TASK TO COMPLETE: Each line from the one containing "email, password, role);" through the last line of the material below is to be transcribed exactly, with nothing else included.

PROVIDED RECORDS:
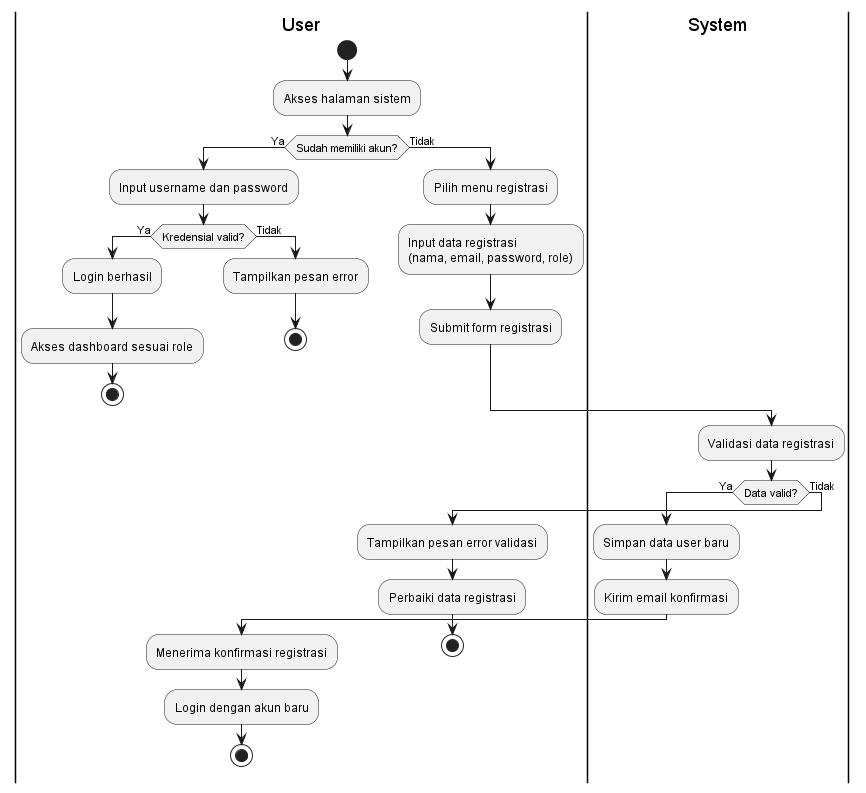

The diagram above was rendered by PlantUML. Its source (embedded in the PNG):
@startuml Login_Register_Swimlane
|User|
start
:Akses halaman sistem;
if (Sudah memiliki akun?) then (Ya)
    :Input username dan password;
    if (Kredensial valid?) then (Ya)
        :Login berhasil;
        :Akses dashboard sesuai role;
        stop
    else (Tidak)
        :Tampilkan pesan error;
        stop
    endif
else (Tidak)
    :Pilih menu registrasi;
    :Input data registrasi\n(nama, email, password, role);
    :Submit form registrasi;
endif

|System|
:Validasi data registrasi;
if (Data valid?) then (Ya)
    :Simpan data user baru;
    :Kirim email konfirmasi;
    |User|
    :Menerima konfirmasi registrasi;
    :Login dengan akun baru;
    stop
else (Tidak)
    |User|
    :Tampilkan pesan error validasi;
    :Perbaiki data registrasi;
    stop
endif
@enduml

RESPONSE TO THE EXERCISE:
    :Input data registrasi\n(nama, email, password, role);
    :Submit form registrasi;
endif

|System|
:Validasi data registrasi;
if (Data valid?) then (Ya)
    :Simpan data user baru;
    :Kirim email konfirmasi;
    |User|
    :Menerima konfirmasi registrasi;
    :Login dengan akun baru;
    stop
else (Tidak)
    |User|
    :Tampilkan pesan error validasi;
    :Perbaiki data registrasi;
    stop
endif
@enduml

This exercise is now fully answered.